Directions =>
All of the entries must be reproduced exactly, with no images carried over.

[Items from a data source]
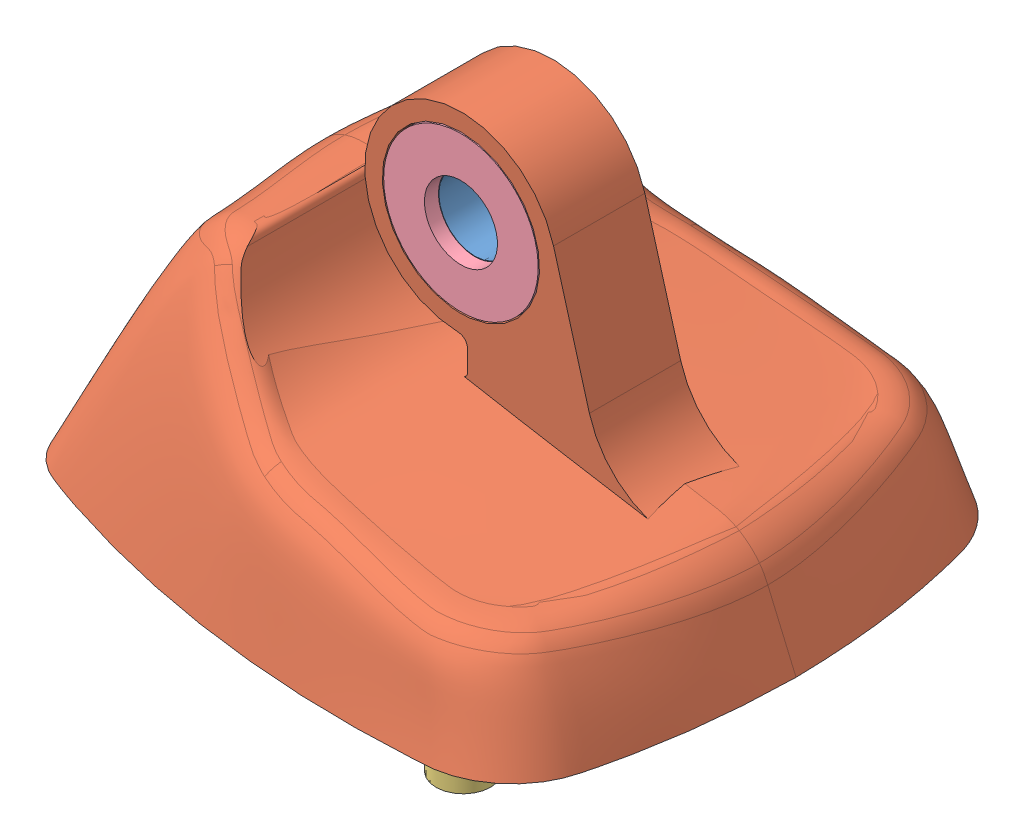
SolidWorks assembly DownAssem, configuration Default. Lengths in mm.
Overall size (42.09 43.85 37.33).
6 component instances, 6 part files, 12 mates.
Components (placement in the parent):
- base metal-1: base metal [Default] at (-19.3424 -0.4283 1.3444) size (26 19.8 16.8)
- base_plastic_4-1: base_plastic_4 [Default] at (1897.0017 -6209.6505 23.1132) x (-1 0 0) z (0 -1 0) size (42533.26 37922.71 43425.84)
- BaseScrew-1: BaseScrew [Default] at (-19.3276 1.1717 1.3444) x (0.874553 0 0.484931) z (-0.484931 0 0.874553) size (10.39 25.7 9)
- ThinMetalWasher-1: ThinMetalWasher [Default] at (-16.2424 13.8717 3.5944) size (11 11 1)
- ThickMetalWasher-1: ThickMetalWasher [Default] at (-16.2424 13.8717 -2.0056) size (11 11 1.1)
- washer-1: washer [Default] at (-19.3276 -0.5158 1.3444) x (0 0 1) z (1 0 0) size (21 4 21)
Mates (geometry in assembly coordinates):
- Concentric1: concentric anti-aligned: cylinder of base metal-1 through (-16.2424 13.8717 3.5944) axis (0 0 -1) radius 2.575; cylinder of base_plastic_4-1 through (-16.2424 13.8717 -1.9056) axis (0 0 1) radius 5.6
- Distance2: distance = 1 mm aligned: plane of base_plastic_4-1 through (-15.3768 -4.0158 4.5944) normal (0 0 1); plane of base metal-1 through (-19.3424 -0.4283 3.5944) normal (0 0 1)
- Concentric3: concentric aligned: cylinder of base_plastic_4-1 through (-19.3276 -8.0158 1.3444) axis (0 1 0) radius 2.75; cylinder of BaseScrew-1 through (-19.3276 -23.1283 1.3444) axis (0 1 0) radius 2.5
- Parallel1: parallel anti-aligned: plane of base metal-1 through (-14.6842 1.0217 1.2637) normal (-0.99985 0 0.017314); plane of BaseScrew-1 through (-14.7843 2.5717 3.8636) normal (0.99985 0 -0.017314)
- Coincident3: coincident anti-aligned: plane of base metal-1 through (-19.3424 2.5717 1.3444) normal (0 -1 0); plane of BaseScrew-1 through (-19.3276 2.5717 1.3444) normal (0 1 0)
- Concentric4: concentric aligned: cylinder of base metal-1 through (-16.2424 13.8717 3.5944) axis (0 0 -1) radius 2.575; cylinder of ThickMetalWasher-1 through (-16.2424 13.8717 -0.9056) axis (0 0 -1) radius 2.6
- Coincident4: coincident anti-aligned: plane of base metal-1 through (-19.3424 -0.4283 -0.9056) normal (0 0 -1); plane of ThickMetalWasher-1 through (-16.2424 13.8717 -0.9056) normal (0 0 1)
- Concentric5: concentric anti-aligned: cylinder of base metal-1 through (-16.2424 13.8717 3.5944) axis (0 0 -1) radius 2.575; circle of ThinMetalWasher-1
- Coincident5: coincident anti-aligned: plane of base metal-1 through (-19.3424 -0.4283 3.5944) normal (0 0 1); plane of ThinMetalWasher-1 through (-16.2424 13.8717 3.5944) normal (0 0 -1)
- Coincident6: coincident anti-aligned: plane of base_plastic_4-1 through (-15.3768 -0.5158 1.3444) normal (0 -1 0); plane of washer-1 through (-19.3276 -0.5158 1.3444) normal (0 1 0)
- Concentric6: concentric aligned: cylinder of base_plastic_4-1 through (-19.3276 -4.0158 1.3444) axis (0 1 0) radius 4.95; cylinder of washer-1 through (-19.3276 -17.2731 1.3444) axis (0 1 0) radius 3.65
- Parallel3: parallel aligned: plane of base metal-1 through (-19.3424 -0.4283 1.3444) normal (0 0 1); plane of washer-1

Solution below =>
SolidWorks assembly DownAssem, configuration Default. Lengths in mm.
Overall size (42.09 43.85 37.33).
6 component instances, 6 part files, 12 mates.
Components (placement in the parent):
- base metal-1: base metal [Default] at (-19.3424 -0.4283 1.3444) size (26 19.8 16.8)
- base_plastic_4-1: base_plastic_4 [Default] at (1897.0017 -6209.6505 23.1132) x (-1 0 0) z (0 -1 0) size (42533.26 37922.71 43425.84)
- BaseScrew-1: BaseScrew [Default] at (-19.3276 1.1717 1.3444) x (0.874553 0 0.484931) z (-0.484931 0 0.874553) size (10.39 25.7 9)
- ThinMetalWasher-1: ThinMetalWasher [Default] at (-16.2424 13.8717 3.5944) size (11 11 1)
- ThickMetalWasher-1: ThickMetalWasher [Default] at (-16.2424 13.8717 -2.0056) size (11 11 1.1)
- washer-1: washer [Default] at (-19.3276 -0.5158 1.3444) x (0 0 1) z (1 0 0) size (21 4 21)
Mates (geometry in assembly coordinates):
- Concentric1: concentric anti-aligned: cylinder of base metal-1 through (-16.2424 13.8717 3.5944) axis (0 0 -1) radius 2.575; cylinder of base_plastic_4-1 through (-16.2424 13.8717 -1.9056) axis (0 0 1) radius 5.6
- Distance2: distance = 1 mm aligned: plane of base_plastic_4-1 through (-15.3768 -4.0158 4.5944) normal (0 0 1); plane of base metal-1 through (-19.3424 -0.4283 3.5944) normal (0 0 1)
- Concentric3: concentric aligned: cylinder of base_plastic_4-1 through (-19.3276 -8.0158 1.3444) axis (0 1 0) radius 2.75; cylinder of BaseScrew-1 through (-19.3276 -23.1283 1.3444) axis (0 1 0) radius 2.5
- Parallel1: parallel anti-aligned: plane of base metal-1 through (-14.6842 1.0217 1.2637) normal (-0.99985 0 0.017314); plane of BaseScrew-1 through (-14.7843 2.5717 3.8636) normal (0.99985 0 -0.017314)
- Coincident3: coincident anti-aligned: plane of base metal-1 through (-19.3424 2.5717 1.3444) normal (0 -1 0); plane of BaseScrew-1 through (-19.3276 2.5717 1.3444) normal (0 1 0)
- Concentric4: concentric aligned: cylinder of base metal-1 through (-16.2424 13.8717 3.5944) axis (0 0 -1) radius 2.575; cylinder of ThickMetalWasher-1 through (-16.2424 13.8717 -0.9056) axis (0 0 -1) radius 2.6
- Coincident4: coincident anti-aligned: plane of base metal-1 through (-19.3424 -0.4283 -0.9056) normal (0 0 -1); plane of ThickMetalWasher-1 through (-16.2424 13.8717 -0.9056) normal (0 0 1)
- Concentric5: concentric anti-aligned: cylinder of base metal-1 through (-16.2424 13.8717 3.5944) axis (0 0 -1) radius 2.575; circle of ThinMetalWasher-1
- Coincident5: coincident anti-aligned: plane of base metal-1 through (-19.3424 -0.4283 3.5944) normal (0 0 1); plane of ThinMetalWasher-1 through (-16.2424 13.8717 3.5944) normal (0 0 -1)
- Coincident6: coincident anti-aligned: plane of base_plastic_4-1 through (-15.3768 -0.5158 1.3444) normal (0 -1 0); plane of washer-1 through (-19.3276 -0.5158 1.3444) normal (0 1 0)
- Concentric6: concentric aligned: cylinder of base_plastic_4-1 through (-19.3276 -4.0158 1.3444) axis (0 1 0) radius 4.95; cylinder of washer-1 through (-19.3276 -17.2731 1.3444) axis (0 1 0) radius 3.65
- Parallel3: parallel aligned: plane of base metal-1 through (-19.3424 -0.4283 1.3444) normal (0 0 1); plane of washer-1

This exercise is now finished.